# Wisconsin-Illinois Trains?



## Mike Flea (Apr 8, 2014)

Hi All, new to the forums here, but not new to model railroading. My name is Mike, and I'm from Streamwood, Il. Use to get my G scale stuff from St. Aubins nursery in Woodstock up until a few years ago when Matt opened up Wisconsin-Illinois Trains. I was receiving e-mails from them on their sales up until around Dec 2013, I think, and then nothing. When I tried going to their website, it was up, but no business hours, and a message that it was suspended due to a situation beyond their control. I have been checking the website weekly, and as of last weekend, the website doesn't exist anymore. I did a search here, and couldn't find anything on the topic, except on "The North American Model Shop Directory", where it shows an address and phone number, but not much else. I've called the posted number, and it comes up that it has been disconnected.

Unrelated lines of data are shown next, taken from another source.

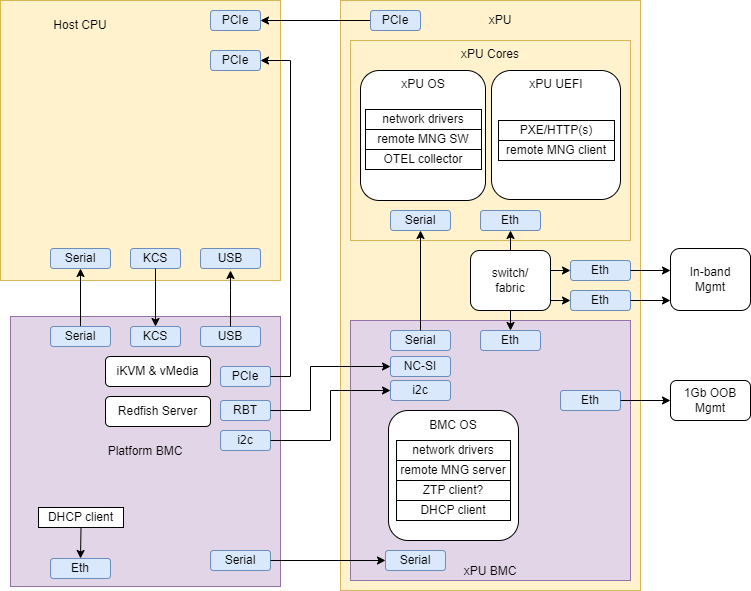

The diagram above was exported from draw.io. Its source (the exported page's mxGraphModel, read from the mxfile embedded in the PNG):
<mxGraphModel dx="1434" dy="964" grid="1" gridSize="10" guides="1" tooltips="1" connect="1" arrows="1" fold="1" page="1" pageScale="1" pageWidth="850" pageHeight="1100" math="0" shadow="0">
  <root>
    <mxCell id="0" />
    <mxCell id="1" parent="0" />
    <mxCell id="iyROZ3uCXEPV_L_AgmKz-3" value="" style="rounded=0;whiteSpace=wrap;html=1;connectable=0;allowArrows=0;fillColor=#fff2cc;strokeColor=#d6b656;" parent="1" vertex="1">
      <mxGeometry x="380" y="80" width="300" height="590" as="geometry" />
    </mxCell>
    <mxCell id="Yr9zoIBKPNtE5dFN3NVp-10" value="xPU Cores" style="rounded=0;whiteSpace=wrap;html=1;connectable=0;allowArrows=0;fillColor=#fff2cc;strokeColor=#d6b656;verticalAlign=top;" parent="1" vertex="1">
      <mxGeometry x="390" y="120" width="280" height="200" as="geometry" />
    </mxCell>
    <mxCell id="iyROZ3uCXEPV_L_AgmKz-1" value="xPU BMC" style="rounded=0;whiteSpace=wrap;html=1;connectable=0;allowArrows=0;fillColor=#e1d5e7;strokeColor=#9673a6;verticalAlign=bottom;" parent="1" vertex="1">
      <mxGeometry x="390" y="400" width="280" height="260" as="geometry" />
    </mxCell>
    <mxCell id="wgiCWZMBTDyFpHkr27h_-1" value="" style="whiteSpace=wrap;html=1;aspect=fixed;fillColor=#fff2cc;strokeColor=#d6b656;" parent="1" vertex="1">
      <mxGeometry x="40" y="80" width="280" height="280" as="geometry" />
    </mxCell>
    <mxCell id="wgiCWZMBTDyFpHkr27h_-2" value="Platform BMC" style="whiteSpace=wrap;html=1;aspect=fixed;fillColor=#e1d5e7;strokeColor=#9673a6;" parent="1" vertex="1">
      <mxGeometry x="50" y="396" width="270" height="270" as="geometry" />
    </mxCell>
    <mxCell id="wgiCWZMBTDyFpHkr27h_-6" value="PCIe" style="rounded=1;whiteSpace=wrap;html=1;fillColor=#dae8fc;strokeColor=#6c8ebf;" parent="1" vertex="1">
      <mxGeometry x="250" y="90" width="50" height="20" as="geometry" />
    </mxCell>
    <mxCell id="wgiCWZMBTDyFpHkr27h_-10" value="" style="edgeStyle=orthogonalEdgeStyle;rounded=0;orthogonalLoop=1;jettySize=auto;html=1;" parent="1" source="wgiCWZMBTDyFpHkr27h_-7" target="wgiCWZMBTDyFpHkr27h_-6" edge="1">
      <mxGeometry relative="1" as="geometry" />
    </mxCell>
    <mxCell id="wgiCWZMBTDyFpHkr27h_-7" value="PCIe" style="rounded=1;whiteSpace=wrap;html=1;fillColor=#dae8fc;strokeColor=#6c8ebf;" parent="1" vertex="1">
      <mxGeometry x="410" y="90" width="50" height="20" as="geometry" />
    </mxCell>
    <mxCell id="wgiCWZMBTDyFpHkr27h_-12" value="" style="rounded=1;whiteSpace=wrap;html=1;" parent="1" vertex="1">
      <mxGeometry x="400" y="150" width="125" height="130" as="geometry" />
    </mxCell>
    <mxCell id="wgiCWZMBTDyFpHkr27h_-13" value="xPU" style="text;html=1;strokeColor=none;fillColor=none;align=center;verticalAlign=middle;whiteSpace=wrap;rounded=0;" parent="1" vertex="1">
      <mxGeometry x="510" y="85" width="60" height="30" as="geometry" />
    </mxCell>
    <mxCell id="wgiCWZMBTDyFpHkr27h_-14" value="Host CPU" style="text;html=1;strokeColor=none;fillColor=none;align=center;verticalAlign=middle;whiteSpace=wrap;rounded=0;" parent="1" vertex="1">
      <mxGeometry x="90" y="90" width="60" height="30" as="geometry" />
    </mxCell>
    <mxCell id="wgiCWZMBTDyFpHkr27h_-15" value="" style="rounded=1;whiteSpace=wrap;html=1;" parent="1" vertex="1">
      <mxGeometry x="531" y="150" width="129" height="129" as="geometry" />
    </mxCell>
    <mxCell id="wgiCWZMBTDyFpHkr27h_-16" value="xPU OS" style="text;html=1;strokeColor=none;fillColor=none;align=center;verticalAlign=middle;whiteSpace=wrap;rounded=0;" parent="1" vertex="1">
      <mxGeometry x="433" y="149" width="60" height="30" as="geometry" />
    </mxCell>
    <mxCell id="wgiCWZMBTDyFpHkr27h_-17" value="xPU UEFI" style="text;html=1;strokeColor=none;fillColor=none;align=center;verticalAlign=middle;whiteSpace=wrap;rounded=0;" parent="1" vertex="1">
      <mxGeometry x="565.5" y="149" width="60" height="30" as="geometry" />
    </mxCell>
    <mxCell id="wgiCWZMBTDyFpHkr27h_-18" value="network drivers" style="rounded=0;whiteSpace=wrap;html=1;" parent="1" vertex="1">
      <mxGeometry x="405" y="189" width="116" height="20" as="geometry" />
    </mxCell>
    <mxCell id="wgiCWZMBTDyFpHkr27h_-19" value="remote MNG SW" style="rounded=0;whiteSpace=wrap;html=1;" parent="1" vertex="1">
      <mxGeometry x="405" y="209" width="116" height="20" as="geometry" />
    </mxCell>
    <mxCell id="wgiCWZMBTDyFpHkr27h_-21" value="Redfish Server" style="rounded=1;whiteSpace=wrap;html=1;" parent="1" vertex="1">
      <mxGeometry x="145" y="476" width="105" height="30" as="geometry" />
    </mxCell>
    <mxCell id="wgiCWZMBTDyFpHkr27h_-22" value="Eth" style="rounded=1;whiteSpace=wrap;html=1;fillColor=#dae8fc;strokeColor=#6c8ebf;" parent="1" vertex="1">
      <mxGeometry x="90" y="638" width="60" height="20" as="geometry" />
    </mxCell>
    <mxCell id="wgiCWZMBTDyFpHkr27h_-24" value="PXE/HTTP(s)" style="rounded=0;whiteSpace=wrap;html=1;" parent="1" vertex="1">
      <mxGeometry x="538" y="200" width="116" height="20" as="geometry" />
    </mxCell>
    <mxCell id="wgiCWZMBTDyFpHkr27h_-26" value="RBT" style="rounded=1;whiteSpace=wrap;html=1;fillColor=#dae8fc;strokeColor=#6c8ebf;" parent="1" vertex="1">
      <mxGeometry x="260" y="480" width="50" height="20" as="geometry" />
    </mxCell>
    <mxCell id="EX7oUyLRdWHfFiB-NrJM-6" value="" style="edgeStyle=orthogonalEdgeStyle;rounded=0;orthogonalLoop=1;jettySize=auto;html=1;" parent="1" source="wgiCWZMBTDyFpHkr27h_-27" target="EX7oUyLRdWHfFiB-NrJM-5" edge="1">
      <mxGeometry relative="1" as="geometry" />
    </mxCell>
    <mxCell id="wgiCWZMBTDyFpHkr27h_-27" value="Serial" style="rounded=1;whiteSpace=wrap;html=1;fillColor=#dae8fc;strokeColor=#6c8ebf;" parent="1" vertex="1">
      <mxGeometry x="90" y="406" width="60" height="20" as="geometry" />
    </mxCell>
    <mxCell id="wgiCWZMBTDyFpHkr27h_-28" value="Eth" style="rounded=1;whiteSpace=wrap;html=1;fillColor=#dae8fc;strokeColor=#6c8ebf;" parent="1" vertex="1">
      <mxGeometry x="600" y="470" width="60" height="20" as="geometry" />
    </mxCell>
    <mxCell id="wgiCWZMBTDyFpHkr27h_-32" style="edgeStyle=orthogonalEdgeStyle;rounded=0;orthogonalLoop=1;jettySize=auto;html=1;entryX=0.5;entryY=0;entryDx=0;entryDy=0;exitX=0.5;exitY=1;exitDx=0;exitDy=0;" parent="1" source="wgiCWZMBTDyFpHkr27h_-31" target="wgiCWZMBTDyFpHkr27h_-22" edge="1">
      <mxGeometry relative="1" as="geometry" />
    </mxCell>
    <mxCell id="wgiCWZMBTDyFpHkr27h_-31" value="DHCP client" style="rounded=0;whiteSpace=wrap;html=1;" parent="1" vertex="1">
      <mxGeometry x="78" y="587" width="85" height="20" as="geometry" />
    </mxCell>
    <mxCell id="wgiCWZMBTDyFpHkr27h_-35" value="OTEL collector" style="rounded=0;whiteSpace=wrap;html=1;" parent="1" vertex="1">
      <mxGeometry x="405" y="229" width="116" height="20" as="geometry" />
    </mxCell>
    <mxCell id="EX7oUyLRdWHfFiB-NrJM-5" value="Serial" style="rounded=1;whiteSpace=wrap;html=1;fillColor=#dae8fc;strokeColor=#6c8ebf;" parent="1" vertex="1">
      <mxGeometry x="90" y="328" width="60" height="20" as="geometry" />
    </mxCell>
    <mxCell id="EX7oUyLRdWHfFiB-NrJM-7" value="NC-SI" style="rounded=1;whiteSpace=wrap;html=1;fillColor=#dae8fc;strokeColor=#6c8ebf;" parent="1" vertex="1">
      <mxGeometry x="430" y="436" width="60" height="20" as="geometry" />
    </mxCell>
    <mxCell id="EX7oUyLRdWHfFiB-NrJM-8" style="edgeStyle=orthogonalEdgeStyle;rounded=0;orthogonalLoop=1;jettySize=auto;html=1;exitX=1;exitY=0.5;exitDx=0;exitDy=0;entryX=0;entryY=0.5;entryDx=0;entryDy=0;" parent="1" source="wgiCWZMBTDyFpHkr27h_-26" target="EX7oUyLRdWHfFiB-NrJM-7" edge="1">
      <mxGeometry relative="1" as="geometry">
        <mxPoint x="280" y="690" as="sourcePoint" />
        <mxPoint x="368.75" y="810" as="targetPoint" />
        <Array as="points">
          <mxPoint x="350" y="490" />
          <mxPoint x="350" y="446" />
        </Array>
      </mxGeometry>
    </mxCell>
    <mxCell id="EX7oUyLRdWHfFiB-NrJM-13" value="KCS" style="rounded=1;whiteSpace=wrap;html=1;fillColor=#dae8fc;strokeColor=#6c8ebf;" parent="1" vertex="1">
      <mxGeometry x="170" y="328" width="50" height="20" as="geometry" />
    </mxCell>
    <mxCell id="EX7oUyLRdWHfFiB-NrJM-14" value="KCS" style="rounded=1;whiteSpace=wrap;html=1;fillColor=#dae8fc;strokeColor=#6c8ebf;" parent="1" vertex="1">
      <mxGeometry x="170" y="406" width="50" height="20" as="geometry" />
    </mxCell>
    <mxCell id="EX7oUyLRdWHfFiB-NrJM-16" style="edgeStyle=orthogonalEdgeStyle;rounded=0;orthogonalLoop=1;jettySize=auto;html=1;exitX=0.5;exitY=1;exitDx=0;exitDy=0;entryX=0.5;entryY=0;entryDx=0;entryDy=0;" parent="1" source="EX7oUyLRdWHfFiB-NrJM-13" target="EX7oUyLRdWHfFiB-NrJM-14" edge="1">
      <mxGeometry relative="1" as="geometry">
        <mxPoint x="175" y="302" as="sourcePoint" />
        <mxPoint x="182.5" y="392" as="targetPoint" />
      </mxGeometry>
    </mxCell>
    <mxCell id="EX7oUyLRdWHfFiB-NrJM-17" value="iKVM &amp;amp; vMedia" style="rounded=1;whiteSpace=wrap;html=1;" parent="1" vertex="1">
      <mxGeometry x="145" y="436" width="105" height="30" as="geometry" />
    </mxCell>
    <mxCell id="EX7oUyLRdWHfFiB-NrJM-18" value="USB" style="rounded=1;whiteSpace=wrap;html=1;fillColor=#dae8fc;strokeColor=#6c8ebf;" parent="1" vertex="1">
      <mxGeometry x="240" y="406" width="60" height="20" as="geometry" />
    </mxCell>
    <mxCell id="EX7oUyLRdWHfFiB-NrJM-19" value="USB" style="rounded=1;whiteSpace=wrap;html=1;fillColor=#dae8fc;strokeColor=#6c8ebf;" parent="1" vertex="1">
      <mxGeometry x="240" y="328" width="60" height="20" as="geometry" />
    </mxCell>
    <mxCell id="EX7oUyLRdWHfFiB-NrJM-20" value="" style="edgeStyle=orthogonalEdgeStyle;rounded=0;orthogonalLoop=1;jettySize=auto;html=1;exitX=0.5;exitY=0;exitDx=0;exitDy=0;" parent="1" source="EX7oUyLRdWHfFiB-NrJM-18" edge="1">
      <mxGeometry relative="1" as="geometry">
        <mxPoint x="130" y="380" as="sourcePoint" />
        <mxPoint x="270" y="350" as="targetPoint" />
        <Array as="points">
          <mxPoint x="270" y="370" />
          <mxPoint x="270" y="370" />
        </Array>
      </mxGeometry>
    </mxCell>
    <mxCell id="EX7oUyLRdWHfFiB-NrJM-21" value="PCIe" style="rounded=1;whiteSpace=wrap;html=1;fillColor=#dae8fc;strokeColor=#6c8ebf;" parent="1" vertex="1">
      <mxGeometry x="250" y="130" width="50" height="20" as="geometry" />
    </mxCell>
    <mxCell id="EX7oUyLRdWHfFiB-NrJM-22" value="PCIe" style="rounded=1;whiteSpace=wrap;html=1;fillColor=#dae8fc;strokeColor=#6c8ebf;" parent="1" vertex="1">
      <mxGeometry x="260" y="446" width="50" height="20" as="geometry" />
    </mxCell>
    <mxCell id="EX7oUyLRdWHfFiB-NrJM-23" style="edgeStyle=orthogonalEdgeStyle;rounded=0;orthogonalLoop=1;jettySize=auto;html=1;exitX=1;exitY=0.5;exitDx=0;exitDy=0;entryX=1;entryY=0.5;entryDx=0;entryDy=0;" parent="1" source="EX7oUyLRdWHfFiB-NrJM-22" target="EX7oUyLRdWHfFiB-NrJM-21" edge="1">
      <mxGeometry relative="1" as="geometry">
        <mxPoint x="325" y="560" as="sourcePoint" />
        <mxPoint x="340" y="-105" as="targetPoint" />
      </mxGeometry>
    </mxCell>
    <mxCell id="wgiCWZMBTDyFpHkr27h_-30" value="Serial" style="rounded=1;whiteSpace=wrap;html=1;fillColor=#dae8fc;strokeColor=#6c8ebf;" parent="1" vertex="1">
      <mxGeometry x="430" y="410" width="60" height="20" as="geometry" />
    </mxCell>
    <mxCell id="EX7oUyLRdWHfFiB-NrJM-30" value="Serial" style="rounded=1;whiteSpace=wrap;html=1;fillColor=#dae8fc;strokeColor=#6c8ebf;" parent="1" vertex="1">
      <mxGeometry x="430" y="290" width="60" height="20" as="geometry" />
    </mxCell>
    <mxCell id="EX7oUyLRdWHfFiB-NrJM-32" value="1Gb OOB&lt;br&gt;Mgmt&lt;br&gt;" style="rounded=1;whiteSpace=wrap;html=1;" parent="1" vertex="1">
      <mxGeometry x="710" y="460" width="80" height="40" as="geometry" />
    </mxCell>
    <mxCell id="EX7oUyLRdWHfFiB-NrJM-36" value="Eth" style="rounded=1;whiteSpace=wrap;html=1;fillColor=#dae8fc;strokeColor=#6c8ebf;" parent="1" vertex="1">
      <mxGeometry x="610" y="340" width="60" height="20" as="geometry" />
    </mxCell>
    <mxCell id="EX7oUyLRdWHfFiB-NrJM-37" value="Eth" style="rounded=1;whiteSpace=wrap;html=1;fillColor=#dae8fc;strokeColor=#6c8ebf;" parent="1" vertex="1">
      <mxGeometry x="610" y="370" width="60" height="20" as="geometry" />
    </mxCell>
    <mxCell id="iyROZ3uCXEPV_L_AgmKz-2" value="" style="endArrow=classic;html=1;rounded=0;exitX=1;exitY=0.5;exitDx=0;exitDy=0;entryX=0;entryY=0.5;entryDx=0;entryDy=0;" parent="1" source="wgiCWZMBTDyFpHkr27h_-28" target="EX7oUyLRdWHfFiB-NrJM-32" edge="1">
      <mxGeometry width="50" height="50" relative="1" as="geometry">
        <mxPoint x="490" y="440" as="sourcePoint" />
        <mxPoint x="540" y="390" as="targetPoint" />
      </mxGeometry>
    </mxCell>
    <mxCell id="iyROZ3uCXEPV_L_AgmKz-4" value="" style="endArrow=classic;html=1;rounded=0;entryX=0.5;entryY=1;entryDx=0;entryDy=0;" parent="1" target="EX7oUyLRdWHfFiB-NrJM-30" edge="1">
      <mxGeometry width="50" height="50" relative="1" as="geometry">
        <mxPoint x="460" y="410" as="sourcePoint" />
        <mxPoint x="540" y="330" as="targetPoint" />
        <Array as="points" />
      </mxGeometry>
    </mxCell>
    <mxCell id="iyROZ3uCXEPV_L_AgmKz-6" value="In-band&lt;br&gt;Mgmt" style="rounded=1;whiteSpace=wrap;html=1;" parent="1" vertex="1">
      <mxGeometry x="710" y="328" width="80" height="62" as="geometry" />
    </mxCell>
    <mxCell id="iyROZ3uCXEPV_L_AgmKz-7" value="" style="endArrow=classic;html=1;rounded=0;exitX=1;exitY=0.5;exitDx=0;exitDy=0;" parent="1" source="EX7oUyLRdWHfFiB-NrJM-37" edge="1">
      <mxGeometry width="50" height="50" relative="1" as="geometry">
        <mxPoint x="505.5" y="598" as="sourcePoint" />
        <mxPoint x="710" y="380" as="targetPoint" />
      </mxGeometry>
    </mxCell>
    <mxCell id="iyROZ3uCXEPV_L_AgmKz-8" value="" style="endArrow=classic;html=1;rounded=0;exitX=1;exitY=0.5;exitDx=0;exitDy=0;" parent="1" source="EX7oUyLRdWHfFiB-NrJM-36" edge="1">
      <mxGeometry width="50" height="50" relative="1" as="geometry">
        <mxPoint x="505.5" y="598" as="sourcePoint" />
        <mxPoint x="710" y="350" as="targetPoint" />
      </mxGeometry>
    </mxCell>
    <mxCell id="Yr9zoIBKPNtE5dFN3NVp-1" value="" style="rounded=1;whiteSpace=wrap;html=1;" parent="1" vertex="1">
      <mxGeometry x="428" y="490" width="130" height="130" as="geometry" />
    </mxCell>
    <mxCell id="Yr9zoIBKPNtE5dFN3NVp-2" value="BMC OS" style="text;html=1;strokeColor=none;fillColor=none;align=center;verticalAlign=middle;whiteSpace=wrap;rounded=0;" parent="1" vertex="1">
      <mxGeometry x="463" y="490" width="60" height="30" as="geometry" />
    </mxCell>
    <mxCell id="Yr9zoIBKPNtE5dFN3NVp-3" value="network drivers" style="rounded=0;whiteSpace=wrap;html=1;" parent="1" vertex="1">
      <mxGeometry x="436" y="520" width="114" height="20" as="geometry" />
    </mxCell>
    <mxCell id="Yr9zoIBKPNtE5dFN3NVp-4" value="remote MNG server" style="rounded=0;whiteSpace=wrap;html=1;" parent="1" vertex="1">
      <mxGeometry x="436" y="540" width="114" height="20" as="geometry" />
    </mxCell>
    <mxCell id="Yr9zoIBKPNtE5dFN3NVp-5" value="ZTP client?" style="rounded=0;whiteSpace=wrap;html=1;" parent="1" vertex="1">
      <mxGeometry x="436" y="560" width="114" height="20" as="geometry" />
    </mxCell>
    <mxCell id="Yr9zoIBKPNtE5dFN3NVp-8" value="remote MNG client" style="rounded=0;whiteSpace=wrap;html=1;" parent="1" vertex="1">
      <mxGeometry x="538" y="220" width="116" height="20" as="geometry" />
    </mxCell>
    <mxCell id="Yr9zoIBKPNtE5dFN3NVp-11" value="switch/&lt;br&gt;fabric" style="rounded=1;whiteSpace=wrap;html=1;" parent="1" vertex="1">
      <mxGeometry x="510" y="330" width="80" height="60" as="geometry" />
    </mxCell>
    <mxCell id="Yr9zoIBKPNtE5dFN3NVp-12" value="Eth" style="rounded=1;whiteSpace=wrap;html=1;fillColor=#dae8fc;strokeColor=#6c8ebf;" parent="1" vertex="1">
      <mxGeometry x="520" y="410" width="60" height="20" as="geometry" />
    </mxCell>
    <mxCell id="Yr9zoIBKPNtE5dFN3NVp-13" value="Eth" style="rounded=1;whiteSpace=wrap;html=1;fillColor=#dae8fc;strokeColor=#6c8ebf;" parent="1" vertex="1">
      <mxGeometry x="520" y="290" width="60" height="20" as="geometry" />
    </mxCell>
    <mxCell id="Yr9zoIBKPNtE5dFN3NVp-14" value="" style="endArrow=classic;html=1;rounded=0;exitX=0.5;exitY=1;exitDx=0;exitDy=0;entryX=0.5;entryY=0;entryDx=0;entryDy=0;" parent="1" source="Yr9zoIBKPNtE5dFN3NVp-11" target="Yr9zoIBKPNtE5dFN3NVp-12" edge="1">
      <mxGeometry width="50" height="50" relative="1" as="geometry">
        <mxPoint x="310" y="440" as="sourcePoint" />
        <mxPoint x="360" y="390" as="targetPoint" />
      </mxGeometry>
    </mxCell>
    <mxCell id="Yr9zoIBKPNtE5dFN3NVp-15" value="" style="endArrow=classic;html=1;rounded=0;exitX=0.5;exitY=0;exitDx=0;exitDy=0;entryX=0.5;entryY=1;entryDx=0;entryDy=0;" parent="1" source="Yr9zoIBKPNtE5dFN3NVp-11" target="Yr9zoIBKPNtE5dFN3NVp-13" edge="1">
      <mxGeometry width="50" height="50" relative="1" as="geometry">
        <mxPoint x="310" y="440" as="sourcePoint" />
        <mxPoint x="360" y="390" as="targetPoint" />
      </mxGeometry>
    </mxCell>
    <mxCell id="Yr9zoIBKPNtE5dFN3NVp-16" value="" style="endArrow=classic;html=1;rounded=0;entryX=0;entryY=0.5;entryDx=0;entryDy=0;" parent="1" target="EX7oUyLRdWHfFiB-NrJM-36" edge="1">
      <mxGeometry width="50" height="50" relative="1" as="geometry">
        <mxPoint x="590" y="350" as="sourcePoint" />
        <mxPoint x="360" y="390" as="targetPoint" />
      </mxGeometry>
    </mxCell>
    <mxCell id="Yr9zoIBKPNtE5dFN3NVp-17" value="" style="endArrow=classic;html=1;rounded=0;entryX=0;entryY=0.5;entryDx=0;entryDy=0;" parent="1" target="EX7oUyLRdWHfFiB-NrJM-37" edge="1">
      <mxGeometry width="50" height="50" relative="1" as="geometry">
        <mxPoint x="590" y="380" as="sourcePoint" />
        <mxPoint x="360" y="390" as="targetPoint" />
      </mxGeometry>
    </mxCell>
    <mxCell id="wgiCWZMBTDyFpHkr27h_-25" value="DHCP client" style="rounded=0;whiteSpace=wrap;html=1;" parent="1" vertex="1">
      <mxGeometry x="436" y="580" width="114" height="20" as="geometry" />
    </mxCell>
    <mxCell id="QRl-Ip_3T0cVtZqfsAJF-1" value="i2c" style="rounded=1;whiteSpace=wrap;html=1;fillColor=#dae8fc;strokeColor=#6c8ebf;" parent="1" vertex="1">
      <mxGeometry x="260" y="510" width="50" height="20" as="geometry" />
    </mxCell>
    <mxCell id="QRl-Ip_3T0cVtZqfsAJF-2" value="i2c" style="rounded=1;whiteSpace=wrap;html=1;fillColor=#dae8fc;strokeColor=#6c8ebf;" parent="1" vertex="1">
      <mxGeometry x="430" y="460" width="60" height="20" as="geometry" />
    </mxCell>
    <mxCell id="QRl-Ip_3T0cVtZqfsAJF-3" value="" style="endArrow=classic;html=1;rounded=0;exitX=1;exitY=0.5;exitDx=0;exitDy=0;entryX=0;entryY=0.5;entryDx=0;entryDy=0;" parent="1" source="QRl-Ip_3T0cVtZqfsAJF-1" target="QRl-Ip_3T0cVtZqfsAJF-2" edge="1">
      <mxGeometry width="50" height="50" relative="1" as="geometry">
        <mxPoint x="410" y="520" as="sourcePoint" />
        <mxPoint x="460" y="470" as="targetPoint" />
        <Array as="points">
          <mxPoint x="370" y="520" />
          <mxPoint x="370" y="470" />
        </Array>
      </mxGeometry>
    </mxCell>
    <mxCell id="QRl-Ip_3T0cVtZqfsAJF-4" value="Serial" style="rounded=1;whiteSpace=wrap;html=1;fillColor=#dae8fc;strokeColor=#6c8ebf;" parent="1" vertex="1">
      <mxGeometry x="425" y="630" width="60" height="20" as="geometry" />
    </mxCell>
    <mxCell id="QRl-Ip_3T0cVtZqfsAJF-5" value="Serial" style="rounded=1;whiteSpace=wrap;html=1;fillColor=#dae8fc;strokeColor=#6c8ebf;" parent="1" vertex="1">
      <mxGeometry x="250" y="630" width="60" height="20" as="geometry" />
    </mxCell>
    <mxCell id="QRl-Ip_3T0cVtZqfsAJF-6" value="" style="endArrow=classic;html=1;rounded=0;exitX=1;exitY=0.5;exitDx=0;exitDy=0;entryX=0;entryY=0.5;entryDx=0;entryDy=0;" parent="1" source="QRl-Ip_3T0cVtZqfsAJF-5" target="QRl-Ip_3T0cVtZqfsAJF-4" edge="1">
      <mxGeometry width="50" height="50" relative="1" as="geometry">
        <mxPoint x="410" y="520" as="sourcePoint" />
        <mxPoint x="460" y="470" as="targetPoint" />
      </mxGeometry>
    </mxCell>
  </root>
</mxGraphModel>

Ok, I can deal with losing another hobby shop that specialized in G scale equipment, but it would've been nice if the owners would at least let their patrons know. Anybody else deal with Matt that knows what happened?


----------



## Randy Stone (Jan 2, 2008)

I never did hear what actually caused Matt to close his doors so abruptly. He did let people know on either Facebook or LSC.


----------



## chuck n (Jan 2, 2008)

I think I recently saw something about "MDTRAINS, OR M.D. TRAINS". What I saw suggested it may have been WI TRAINS.

Chuck


----------



## Mike Flea (Apr 8, 2014)

Thanks, the initials make sense, they're his


----------



## adir tom (Dec 4, 2011)

I'd love to support him. But I have reservations. This will be the third store he will be involved in. He hasn't stated why WI closed. Was it financial problems? Did anyone got stuck? We were negoiatingprice of 6 Pheonix sounds, but then a dead letter office. I wish him luck but I will proceed cautiously before purchasing.


----------



## denray (Jan 5, 2008)

_www.largescalecentral.com/forums/topic/...*trains*...*md*-*trains*/.../241642_‎
check this out
Dennis


----------



## Totalwrecker (Feb 26, 2009)

Rumor was their backers expected a faster return on the investment.....


----------



## Garratt (Sep 15, 2012)

http://www.largescalecentral.com/forums/topic/21134/wi-trains-now-md-trains

http://mdtrains.com

Andrew


----------



## Mike Flea (Apr 8, 2014)

Thanks for the replies and the links.


----------



## mattdrennan (Apr 12, 2014)

Sorry guys I had no idea these posts were going on otherwise I would have answered sooner. As was said before The WI trains business Was a Investor Backed Business and it was the decision of the investors to not continue with it at this time. I was given about 5 days to understand this fact before the doors had to be closed. I then took a long hard look at what I wanted to do and while doing that several of my former manufacturer reps asked me why i did not continue to sell their product at the same time i recieved calls from friends in the business asking the same thing so after talking with my wife I made a decision and launched MD trains. I enjoy interacting with the train public and I will say that my road here has been rocky but I felt hat this is what i was meant to do and will answer any questions with in my capability to answer.


----------



## Mike Flea (Apr 8, 2014)

Matt, are you working from home, (mail order thru you), or is the address in Crystal lake a storefront, that we can go in and shop?


----------



## gscaleisfun (Jan 14, 2008)

Matt
You must have a wife that loves you. This is a hard business to be in right now.
I know you have the passion and the sense to make it work.
Good luck to you

David


----------



## mattdrennan (Apr 12, 2014)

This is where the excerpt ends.